Cambridge dean defends sermon on Jesus’ “transbody,” “vaginal” side wound

Blasphemous sermon comparing wound in Jesus' side to a vagina left parishioners "uncomfortable" and "in tears."

Jean Malouel's Pieta (1400) was one of the artwork mentioned in the sermon.

A dean at Cambridge University in the United Kingdom defended a young scholar whose Sunday sermon on the “trans body” of Jesus Christ outraged and “moved parishioners to tears,” Fox News reports.

“If the body of Christ in these works is both male and female, if the body of Christ in these works is the body of all bodies, then His body is also the trans body,” Joshua Heath said in a Sunday sermon.

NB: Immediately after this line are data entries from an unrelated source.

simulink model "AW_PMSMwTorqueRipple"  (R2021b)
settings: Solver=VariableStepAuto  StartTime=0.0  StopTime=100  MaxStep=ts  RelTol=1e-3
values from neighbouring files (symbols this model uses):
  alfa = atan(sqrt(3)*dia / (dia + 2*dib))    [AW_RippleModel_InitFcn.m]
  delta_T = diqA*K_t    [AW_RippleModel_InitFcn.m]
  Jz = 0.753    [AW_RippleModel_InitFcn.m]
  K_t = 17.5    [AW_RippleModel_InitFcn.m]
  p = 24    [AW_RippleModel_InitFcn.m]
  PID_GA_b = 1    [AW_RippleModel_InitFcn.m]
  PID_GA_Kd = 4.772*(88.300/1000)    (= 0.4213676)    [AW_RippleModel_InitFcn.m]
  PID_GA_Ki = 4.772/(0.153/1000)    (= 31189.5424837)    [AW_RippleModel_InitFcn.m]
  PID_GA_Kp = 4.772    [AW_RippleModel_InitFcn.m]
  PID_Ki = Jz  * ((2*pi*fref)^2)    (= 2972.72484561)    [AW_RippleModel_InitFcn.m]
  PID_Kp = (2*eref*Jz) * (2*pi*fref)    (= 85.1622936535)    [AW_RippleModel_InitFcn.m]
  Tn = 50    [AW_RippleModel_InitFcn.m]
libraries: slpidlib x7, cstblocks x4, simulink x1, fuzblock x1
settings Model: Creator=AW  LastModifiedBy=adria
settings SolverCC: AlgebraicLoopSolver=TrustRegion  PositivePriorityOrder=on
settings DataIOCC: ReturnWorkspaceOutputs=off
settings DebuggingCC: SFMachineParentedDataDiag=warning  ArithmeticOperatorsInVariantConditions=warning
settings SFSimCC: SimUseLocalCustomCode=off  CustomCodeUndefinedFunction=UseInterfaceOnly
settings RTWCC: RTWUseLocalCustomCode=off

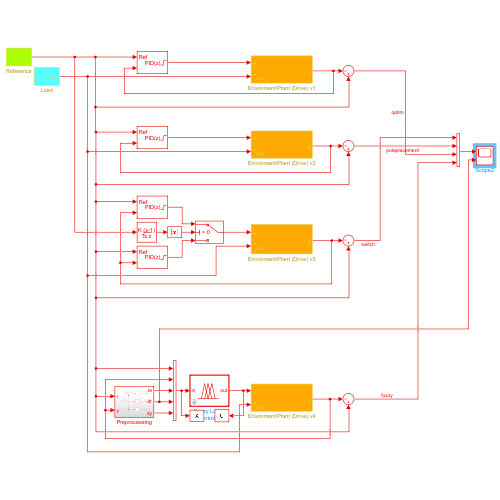
[thumbnail: Simulink's stored preview of the top-level diagram]
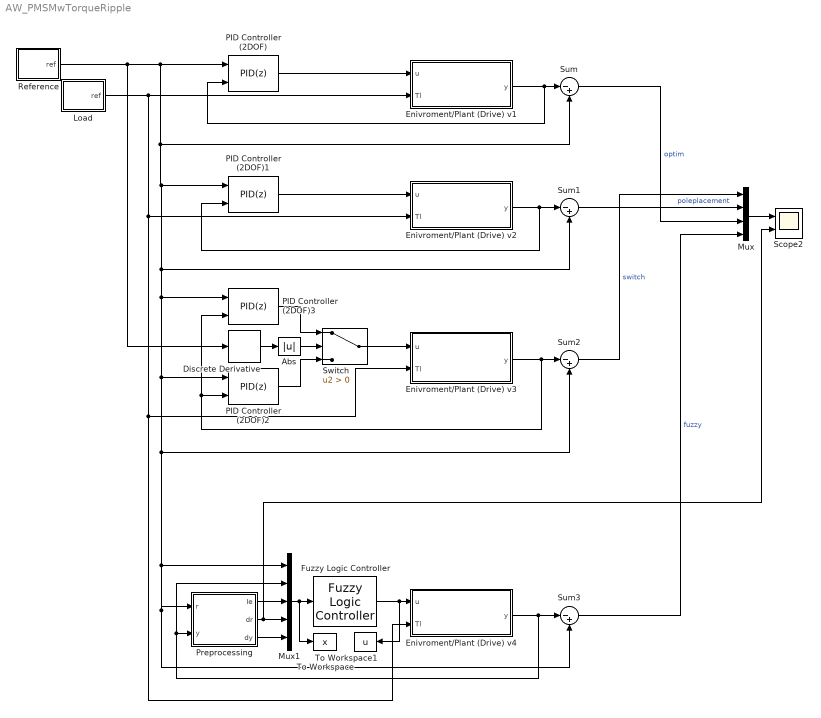
== system AW_PMSMwTorqueRipple ==
  Abs : Abs
  Discrete Derivative : simulink/Quick Insert/Discrete/Discrete Derivative  gainval=1.0  ICPrevScaledInput=0.0  OutMin=[]  OutMax=[]  OutDataType=fixdt(1, 16)  OutScaling=2^-10  DoSatur=off
      settings: SourceProductBaseCode=SL
  Enivroment/Plant (Drive) v1 : Subsystem
      mask Display:
      | port_label('input', 1, 'u', 'texmode', 'on')
      | port_label('input', 2, 'T_{load}', 'texmode', 'on')
      | port_label('output', 1, 'y', 'texmode', 'on')
  Enivroment/Plant (Drive) v2 : Subsystem
      mask Display:
      | port_label('input', 1, 'u', 'texmode', 'on')
      | port_label('input', 2, 'T_{load}', 'texmode', 'on')
      | port_label('output', 1, 'y', 'texmode', 'on')
  Enivroment/Plant (Drive) v3 : Subsystem
      mask Display:
      | port_label('input', 1, 'u', 'texmode', 'on')
      | port_label('input', 2, 'T_{load}', 'texmode', 'on')
      | port_label('output', 1, 'y', 'texmode', 'on')
  Enivroment/Plant (Drive) v4 : Subsystem
      mask Display:
      | port_label('input', 1, 'u', 'texmode', 'on')
      | port_label('input', 2, 'T_{load}', 'texmode', 'on')
      | port_label('output', 1, 'y', 'texmode', 'on')
  Fuzzy Logic Controller : fuzblock/Fuzzy Logic  Controller  FIS=PMSM_SpeedController  OutputSampleNumber=101  DataType=double  FuzzifiedInputs=off  RuleFiringStrengths=off  RuleOutputs=off  AggregatedOutputs=off  SimulateUsing=Code generation  OutOfRangeInputValueMessage=warning  NoRuleFiredMessage=warning  EmptyOutputFuzzySetMessage=warning
  Load : Subsystem
      mask Display: port_label('output', 1, 'T_{load}', 'texmode', 'on')
  Mux : Mux
  Mux1 : Mux  Inputs=5
  PID Controller (2DOF) : slpidlib/PID Controller (2DOF)  Controller=PID  Form=Parallel  TimeDomain=Discrete-time  UseExternalTs=off  SampleTime=-1  IntegratorMethod=Forward Euler  FilterMethod=Forward Euler  ControllerParametersSource=internal  P=PID_GA_Kp  I=PID_GA_Ki  D=PID_GA_Kd  UseFilter=on  N=100  b=PID_GA_b  c=PID_GA_c  TunerSelectOption=Transfer Function Based (PID Tuner App)  InitialConditionSource=internal  InitialConditionForIntegrator=0  InitialConditionForFilter=0  DifferentiatorICPrevScaledInput=0  ExternalReset=none  TrackingMode=off  Kt=1  LimitOutput=on  SatLimitsSource=internal  UpperSaturationLimit=6  LowerSaturationLimit=-6  LinearizeAsGain=on  AntiWindupMode=none  Kb=1  POutMin=[]  POutMax=[]  IOutMin=[]  IOutMax=[]  DOutMin=[]  DOutMax=[]  NOutMin=[]  NOutMax=[]  bOutMin=[]  bOutMax=[]  cOutMin=[]  cOutMax=[]  SumOutMin=[]  SumOutMax=[]  SaturationOutMin=[]  SaturationOutMax=[]  PParamMin=[]  PParamMax=[]  IParamMin=[]  IParamMax=[]  DParamMin=[]  DParamMax=[]  NParamMin=[]  NParamMax=[]  bParamMin=[]  bParamMax=[]  cParamMin=[]  cParamMax=[]  KbParamMin=[]  KbParamMax=[]  KtParamMin=[]  KtParamMax=[]  KbOutMin=[]  KbOutMax=[]  KtOutMin=[]  KtOutMax=[]  IntegratorOutMin=[]  IntegratorOutMax=[]  FilterOutMin=[]  FilterOutMax=[]  SumI1OutMin=[]  SumI1OutMax=[]  SumI2OutMin=[]  SumI2OutMax=[]  SumI3OutMin=[]  SumI3OutMax=[]  SumI4OutMin=[]  SumI4OutMax=[]  SumDOutMin=[]  SumDOutMax=[]  Sum1OutMin=[]  Sum1OutMax=[]  Sum2OutMin=[]  Sum2OutMax=[]  Sum3OutMin=[]  Sum3OutMax=[]  DifferentiatorOutMin=[]  DifferentiatorOutMax=[]  FilterDiffOutCoefMin=[]  FilterDiffOutCoefMax=[]  ReciprocalOutMin=[]  ReciprocalOutMax=[]  SumDenOutMin=[]  SumDenOutMax=[]  SumNumOutMin=[]  SumNumOutMax=[]  DivideOutMin=[]  DivideOutMax=[]  UdiffTsProdOutMin=[]  UdiffTsProdOutMax=[]  NTsProdOutMin=[]  NTsProdOutMax=[]  UintegralTsProdOutMin=[]  UintegralTsProdOutMax=[]  UngainTsProdOutMin=[]  UngainTsProdOutMax=[]  IntegratorContinuousStateAttributes=''  IntegratorStateMustResolveToSignalObject=off  IntegratorRTWStateStorageClass=Auto  FilterContinuousStateAttributes=''  FilterStateMustResolveToSignalObject=off  FilterRTWStateStorageClass=Auto  ParallelPVariant=InternalParameters  IdealPVariant=Disabled  IVariant=InternalParameters  DVariant=InternalParameters  bVariant=InternalParameters  cVariant=InternalParameters  IntegratorVariant=Discrete  SatVariant=Enabled  AWVariant=Passthrough  PCopyVariant=Disabled  TRVariant=Disabled  FdbkBlocksVariant=Forward  IdealPFdbkVariant=Disabled  SatFdbkVariant=Disabled  DerivativeFilterVariant=ForwardEulerFilter  NVariant=InternalParameters  NCopyVariant=Disabled  FilterICVariant=InternalICsFilter  IntegratorICVariant=InternalICs  ExternalResetVariant=Disabled  TRSumVariant=Passthrough  SumFdbkVariant=Disabled  SumVariant=Sum_PID  TsampFilterVariant=InternalTs  TsampNgainVariant=Passthrough  TsampIntegralVariant=Passthrough  ExternalSaturationOutDataTypeStr=Inherit: Same as second input
      settings: SourceProductBaseCode=SL
  PID Controller (2DOF)1 : slpidlib/PID Controller (2DOF)  Controller=PID  Form=Parallel  TimeDomain=Discrete-time  UseExternalTs=off  SampleTime=-1  IntegratorMethod=Forward Euler  FilterMethod=Forward Euler  ControllerParametersSource=internal  P=PID_Kp  I=PID_Ki  D=0  UseFilter=on  N=100  b=1  c=0  TunerSelectOption=Transfer Function Based (PID Tuner App)  InitialConditionSource=internal  InitialConditionForIntegrator=0  InitialConditionForFilter=0  DifferentiatorICPrevScaledInput=0  ExternalReset=none  TrackingMode=off  Kt=1  LimitOutput=on  SatLimitsSource=internal  UpperSaturationLimit=6  LowerSaturationLimit=-6  LinearizeAsGain=on  AntiWindupMode=none  Kb=1  POutMin=[]  POutMax=[]  IOutMin=[]  IOutMax=[]  DOutMin=[]  DOutMax=[]  NOutMin=[]  NOutMax=[]  bOutMin=[]  bOutMax=[]  cOutMin=[]  cOutMax=[]  SumOutMin=[]  SumOutMax=[]  SaturationOutMin=[]  SaturationOutMax=[]  PParamMin=[]  PParamMax=[]  IParamMin=[]  IParamMax=[]  DParamMin=[]  DParamMax=[]  NParamMin=[]  NParamMax=[]  bParamMin=[]  bParamMax=[]  cParamMin=[]  cParamMax=[]  KbParamMin=[]  KbParamMax=[]  KtParamMin=[]  KtParamMax=[]  KbOutMin=[]  KbOutMax=[]  KtOutMin=[]  KtOutMax=[]  IntegratorOutMin=[]  IntegratorOutMax=[]  FilterOutMin=[]  FilterOutMax=[]  SumI1OutMin=[]  SumI1OutMax=[]  SumI2OutMin=[]  SumI2OutMax=[]  SumI3OutMin=[]  SumI3OutMax=[]  SumI4OutMin=[]  SumI4OutMax=[]  SumDOutMin=[]  SumDOutMax=[]  Sum1OutMin=[]  Sum1OutMax=[]  Sum2OutMin=[]  Sum2OutMax=[]  Sum3OutMin=[]  Sum3OutMax=[]  DifferentiatorOutMin=[]  DifferentiatorOutMax=[]  FilterDiffOutCoefMin=[]  FilterDiffOutCoefMax=[]  ReciprocalOutMin=[]  ReciprocalOutMax=[]  SumDenOutMin=[]  SumDenOutMax=[]  SumNumOutMin=[]  SumNumOutMax=[]  DivideOutMin=[]  DivideOutMax=[]  UdiffTsProdOutMin=[]  UdiffTsProdOutMax=[]  NTsProdOutMin=[]  NTsProdOutMax=[]  UintegralTsProdOutMin=[]  UintegralTsProdOutMax=[]  UngainTsProdOutMin=[]  UngainTsProdOutMax=[]  IntegratorContinuousStateAttributes=''  IntegratorStateMustResolveToSignalObject=off  IntegratorRTWStateStorageClass=Auto  FilterContinuousStateAttributes=''  FilterStateMustResolveToSignalObject=off  FilterRTWStateStorageClass=Auto  ParallelPVariant=InternalParameters  IdealPVariant=Disabled  IVariant=InternalParameters  DVariant=InternalParameters  bVariant=InternalParameters  cVariant=InternalParameters  IntegratorVariant=Discrete  SatVariant=Enabled  AWVariant=Passthrough  PCopyVariant=Disabled  TRVariant=Disabled  FdbkBlocksVariant=Forward  IdealPFdbkVariant=Disabled  SatFdbkVariant=Disabled  DerivativeFilterVariant=ForwardEulerFilter  NVariant=InternalParameters  NCopyVariant=Disabled  FilterICVariant=InternalICsFilter  IntegratorICVariant=InternalICs  ExternalResetVariant=Disabled  TRSumVariant=Passthrough  SumFdbkVariant=Disabled  SumVariant=Sum_PID  TsampFilterVariant=InternalTs  TsampNgainVariant=Passthrough  TsampIntegralVariant=Passthrough  ExternalSaturationOutDataTypeStr=Inherit: Same as second input
      settings: SourceProductBaseCode=SL
  PID Controller (2DOF)2 : slpidlib/PID Controller (2DOF)  Controller=PID  Form=Parallel  TimeDomain=Discrete-time  UseExternalTs=off  SampleTime=-1  IntegratorMethod=Forward Euler  FilterMethod=Forward Euler  ControllerParametersSource=internal  P=4.772  I=4.772/(0.153/1000)  D=4.772*(88.300/1000)  UseFilter=on  N=100  b=1  c=0.258  TunerSelectOption=Transfer Function Based (PID Tuner App)  InitialConditionSource=internal  InitialConditionForIntegrator=0  InitialConditionForFilter=0  DifferentiatorICPrevScaledInput=0  ExternalReset=none  TrackingMode=off  Kt=1  LimitOutput=on  SatLimitsSource=internal  UpperSaturationLimit=6  LowerSaturationLimit=-6  LinearizeAsGain=on  AntiWindupMode=none  Kb=1  POutMin=[]  POutMax=[]  IOutMin=[]  IOutMax=[]  DOutMin=[]  DOutMax=[]  NOutMin=[]  NOutMax=[]  bOutMin=[]  bOutMax=[]  cOutMin=[]  cOutMax=[]  SumOutMin=[]  SumOutMax=[]  SaturationOutMin=[]  SaturationOutMax=[]  PParamMin=[]  PParamMax=[]  IParamMin=[]  IParamMax=[]  DParamMin=[]  DParamMax=[]  NParamMin=[]  NParamMax=[]  bParamMin=[]  bParamMax=[]  cParamMin=[]  cParamMax=[]  KbParamMin=[]  KbParamMax=[]  KtParamMin=[]  KtParamMax=[]  KbOutMin=[]  KbOutMax=[]  KtOutMin=[]  KtOutMax=[]  IntegratorOutMin=[]  IntegratorOutMax=[]  FilterOutMin=[]  FilterOutMax=[]  SumI1OutMin=[]  SumI1OutMax=[]  SumI2OutMin=[]  SumI2OutMax=[]  SumI3OutMin=[]  SumI3OutMax=[]  SumI4OutMin=[]  SumI4OutMax=[]  SumDOutMin=[]  SumDOutMax=[]  Sum1OutMin=[]  Sum1OutMax=[]  Sum2OutMin=[]  Sum2OutMax=[]  Sum3OutMin=[]  Sum3OutMax=[]  DifferentiatorOutMin=[]  DifferentiatorOutMax=[]  FilterDiffOutCoefMin=[]  FilterDiffOutCoefMax=[]  ReciprocalOutMin=[]  ReciprocalOutMax=[]  SumDenOutMin=[]  SumDenOutMax=[]  SumNumOutMin=[]  SumNumOutMax=[]  DivideOutMin=[]  DivideOutMax=[]  UdiffTsProdOutMin=[]  UdiffTsProdOutMax=[]  NTsProdOutMin=[]  NTsProdOutMax=[]  UintegralTsProdOutMin=[]  UintegralTsProdOutMax=[]  UngainTsProdOutMin=[]  UngainTsProdOutMax=[]  IntegratorContinuousStateAttributes=''  IntegratorStateMustResolveToSignalObject=off  IntegratorRTWStateStorageClass=Auto  FilterContinuousStateAttributes=''  FilterStateMustResolveToSignalObject=off  FilterRTWStateStorageClass=Auto  ParallelPVariant=InternalParameters  IdealPVariant=Disabled  IVariant=InternalParameters  DVariant=InternalParameters  bVariant=InternalParameters  cVariant=InternalParameters  IntegratorVariant=Discrete  SatVariant=Enabled  AWVariant=Passthrough  PCopyVariant=Disabled  TRVariant=Disabled  FdbkBlocksVariant=Forward  IdealPFdbkVariant=Disabled  SatFdbkVariant=Disabled  DerivativeFilterVariant=ForwardEulerFilter  NVariant=InternalParameters  NCopyVariant=Disabled  FilterICVariant=InternalICsFilter  IntegratorICVariant=InternalICs  ExternalResetVariant=Disabled  TRSumVariant=Passthrough  SumFdbkVariant=Disabled  SumVariant=Sum_PID  TsampFilterVariant=InternalTs  TsampNgainVariant=Passthrough  TsampIntegralVariant=Passthrough  ExternalSaturationOutDataTypeStr=Inherit: Same as second input
      settings: SourceProductBaseCode=SL
  PID Controller (2DOF)3 : slpidlib/PID Controller (2DOF)  Controller=PID  Form=Parallel  TimeDomain=Discrete-time  UseExternalTs=off  SampleTime=-1  IntegratorMethod=Forward Euler  FilterMethod=Forward Euler  ControllerParametersSource=internal  P=PID_Kp  I=PID_Ki  D=0  UseFilter=on  N=100  b=1  c=0  TunerSelectOption=Transfer Function Based (PID Tuner App)  InitialConditionSource=internal  InitialConditionForIntegrator=0  InitialConditionForFilter=0  DifferentiatorICPrevScaledInput=0  ExternalReset=none  TrackingMode=off  Kt=1  LimitOutput=on  SatLimitsSource=internal  UpperSaturationLimit=6  LowerSaturationLimit=-6  LinearizeAsGain=on  AntiWindupMode=none  Kb=1  POutMin=[]  POutMax=[]  IOutMin=[]  IOutMax=[]  DOutMin=[]  DOutMax=[]  NOutMin=[]  NOutMax=[]  bOutMin=[]  bOutMax=[]  cOutMin=[]  cOutMax=[]  SumOutMin=[]  SumOutMax=[]  SaturationOutMin=[]  SaturationOutMax=[]  PParamMin=[]  PParamMax=[]  IParamMin=[]  IParamMax=[]  DParamMin=[]  DParamMax=[]  NParamMin=[]  NParamMax=[]  bParamMin=[]  bParamMax=[]  cParamMin=[]  cParamMax=[]  KbParamMin=[]  KbParamMax=[]  KtParamMin=[]  KtParamMax=[]  KbOutMin=[]  KbOutMax=[]  KtOutMin=[]  KtOutMax=[]  IntegratorOutMin=[]  IntegratorOutMax=[]  FilterOutMin=[]  FilterOutMax=[]  SumI1OutMin=[]  SumI1OutMax=[]  SumI2OutMin=[]  SumI2OutMax=[]  SumI3OutMin=[]  SumI3OutMax=[]  SumI4OutMin=[]  SumI4OutMax=[]  SumDOutMin=[]  SumDOutMax=[]  Sum1OutMin=[]  Sum1OutMax=[]  Sum2OutMin=[]  Sum2OutMax=[]  Sum3OutMin=[]  Sum3OutMax=[]  DifferentiatorOutMin=[]  DifferentiatorOutMax=[]  FilterDiffOutCoefMin=[]  FilterDiffOutCoefMax=[]  ReciprocalOutMin=[]  ReciprocalOutMax=[]  SumDenOutMin=[]  SumDenOutMax=[]  SumNumOutMin=[]  SumNumOutMax=[]  DivideOutMin=[]  DivideOutMax=[]  UdiffTsProdOutMin=[]  UdiffTsProdOutMax=[]  NTsProdOutMin=[]  NTsProdOutMax=[]  UintegralTsProdOutMin=[]  UintegralTsProdOutMax=[]  UngainTsProdOutMin=[]  UngainTsProdOutMax=[]  IntegratorContinuousStateAttributes=''  IntegratorStateMustResolveToSignalObject=off  IntegratorRTWStateStorageClass=Auto  FilterContinuousStateAttributes=''  FilterStateMustResolveToSignalObject=off  FilterRTWStateStorageClass=Auto  ParallelPVariant=InternalParameters  IdealPVariant=Disabled  IVariant=InternalParameters  DVariant=InternalParameters  bVariant=InternalParameters  cVariant=InternalParameters  IntegratorVariant=Discrete  SatVariant=Enabled  AWVariant=Passthrough  PCopyVariant=Disabled  TRVariant=Disabled  FdbkBlocksVariant=Forward  IdealPFdbkVariant=Disabled  SatFdbkVariant=Disabled  DerivativeFilterVariant=ForwardEulerFilter  NVariant=InternalParameters  NCopyVariant=Disabled  FilterICVariant=InternalICsFilter  IntegratorICVariant=InternalICs  ExternalResetVariant=Disabled  TRSumVariant=Passthrough  SumFdbkVariant=Disabled  SumVariant=Sum_PID  TsampFilterVariant=InternalTs  TsampNgainVariant=Passthrough  TsampIntegralVariant=Passthrough  ExternalSaturationOutDataTypeStr=Inherit: Same as second input
      settings: SourceProductBaseCode=SL
  Preprocessing : Subsystem
  Reference : Subsystem
      mask Display: port_label('output', 1, 'y_{ref}', 'texmode', 'on')
  Scope2 : Scope  NumInputPorts=2
  Sum{,1..3} (4 alike) : Sum  Inputs=|-+
  Switch : Switch  Criteria=u2 > Threshold
  To Workspace : ToWorkspace  VariableName=x  SaveFormat=Timeseries  SampleTime=-1
  To Workspace1 : ToWorkspace  VariableName=u  SaveFormat=Timeseries  SampleTime=-1
  wires:
  Sum/1 -> Mux/3  "optim"
  Sum1/1 -> Mux/2  "poleplacement"
  Load/1(ref) -> Enivroment/Plant (Drive) v2/2(Tl), Enivroment/Plant (Drive) v4/2(Tl), Enivroment/Plant (Drive) v3/2(Tl), Enivroment/Plant (Drive) v1/2(Tl)
  Enivroment/Plant (Drive) v2/1(y) -> Sum1/1, PID Controller (2DOF)1/2
  PID Controller (2DOF)1/1 -> Enivroment/Plant (Drive) v2/1(u)
  Mux/1 -> Scope2/1
  Discrete Derivative/1 -> Abs/1
  Abs/1 -> Switch/2
  PID Controller (2DOF)3/1 -> Switch/1
  Switch/1 -> Enivroment/Plant (Drive) v3/1(u)
  Enivroment/Plant (Drive) v3/1(y) -> Sum2/1, PID Controller (2DOF)3/2, PID Controller (2DOF)2/2
  Sum2/1 -> Mux/1  "switch"
  PID Controller (2DOF)2/1 -> Switch/3
  Preprocessing/3(dy) -> Mux1/5
  Preprocessing/2(dr) -> Scope2/2, Mux1/4
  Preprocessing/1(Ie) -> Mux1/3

Heath, whose doctorate in theology was supervised by former Archbishop of Canterbury Rowan Williams, also claimed that in one of the medieval paintings he showed the congregation, the spear wound in Jesus’ side “has a distinctly vaginal appearance.” On another, he pointed out how the blood was flowing from his side to his groin.

Heath’s sermon during the traditional Anglican service left many in attendance, including children, “visibly uncomfortable,” according to an anonymous parishioner who sent a letter of complaint to the Dean, Michael Banner. Shouts of “heresy” reportedly rang out in the church as the angry worshipers left in disgust.

“I left the service in tears,” the churchgoer wrote to the dean. “They offered to talk to me afterwards, but I was too desperate. I despise the idea that a man can become a woman by cutting a hole in his body through which he can be penetrated.”

In Banner’s response to the letter, seen by the Daily Telegraph, the Dean defended Heath, claiming his sermon “suggested that we might reflect on these images of Christ’s male/female body as they offer us ways to think about issues around transgender people today.”

The Dean of Trinity College defended Heath. Joshua Heath had expressed “legitimate” speculation in his Evensong sermon. He added that he would not have extended an invitation to someone: “who I would assume would intentionally try to shock or offend a congregation or could be expected to speak against the Christian faith.”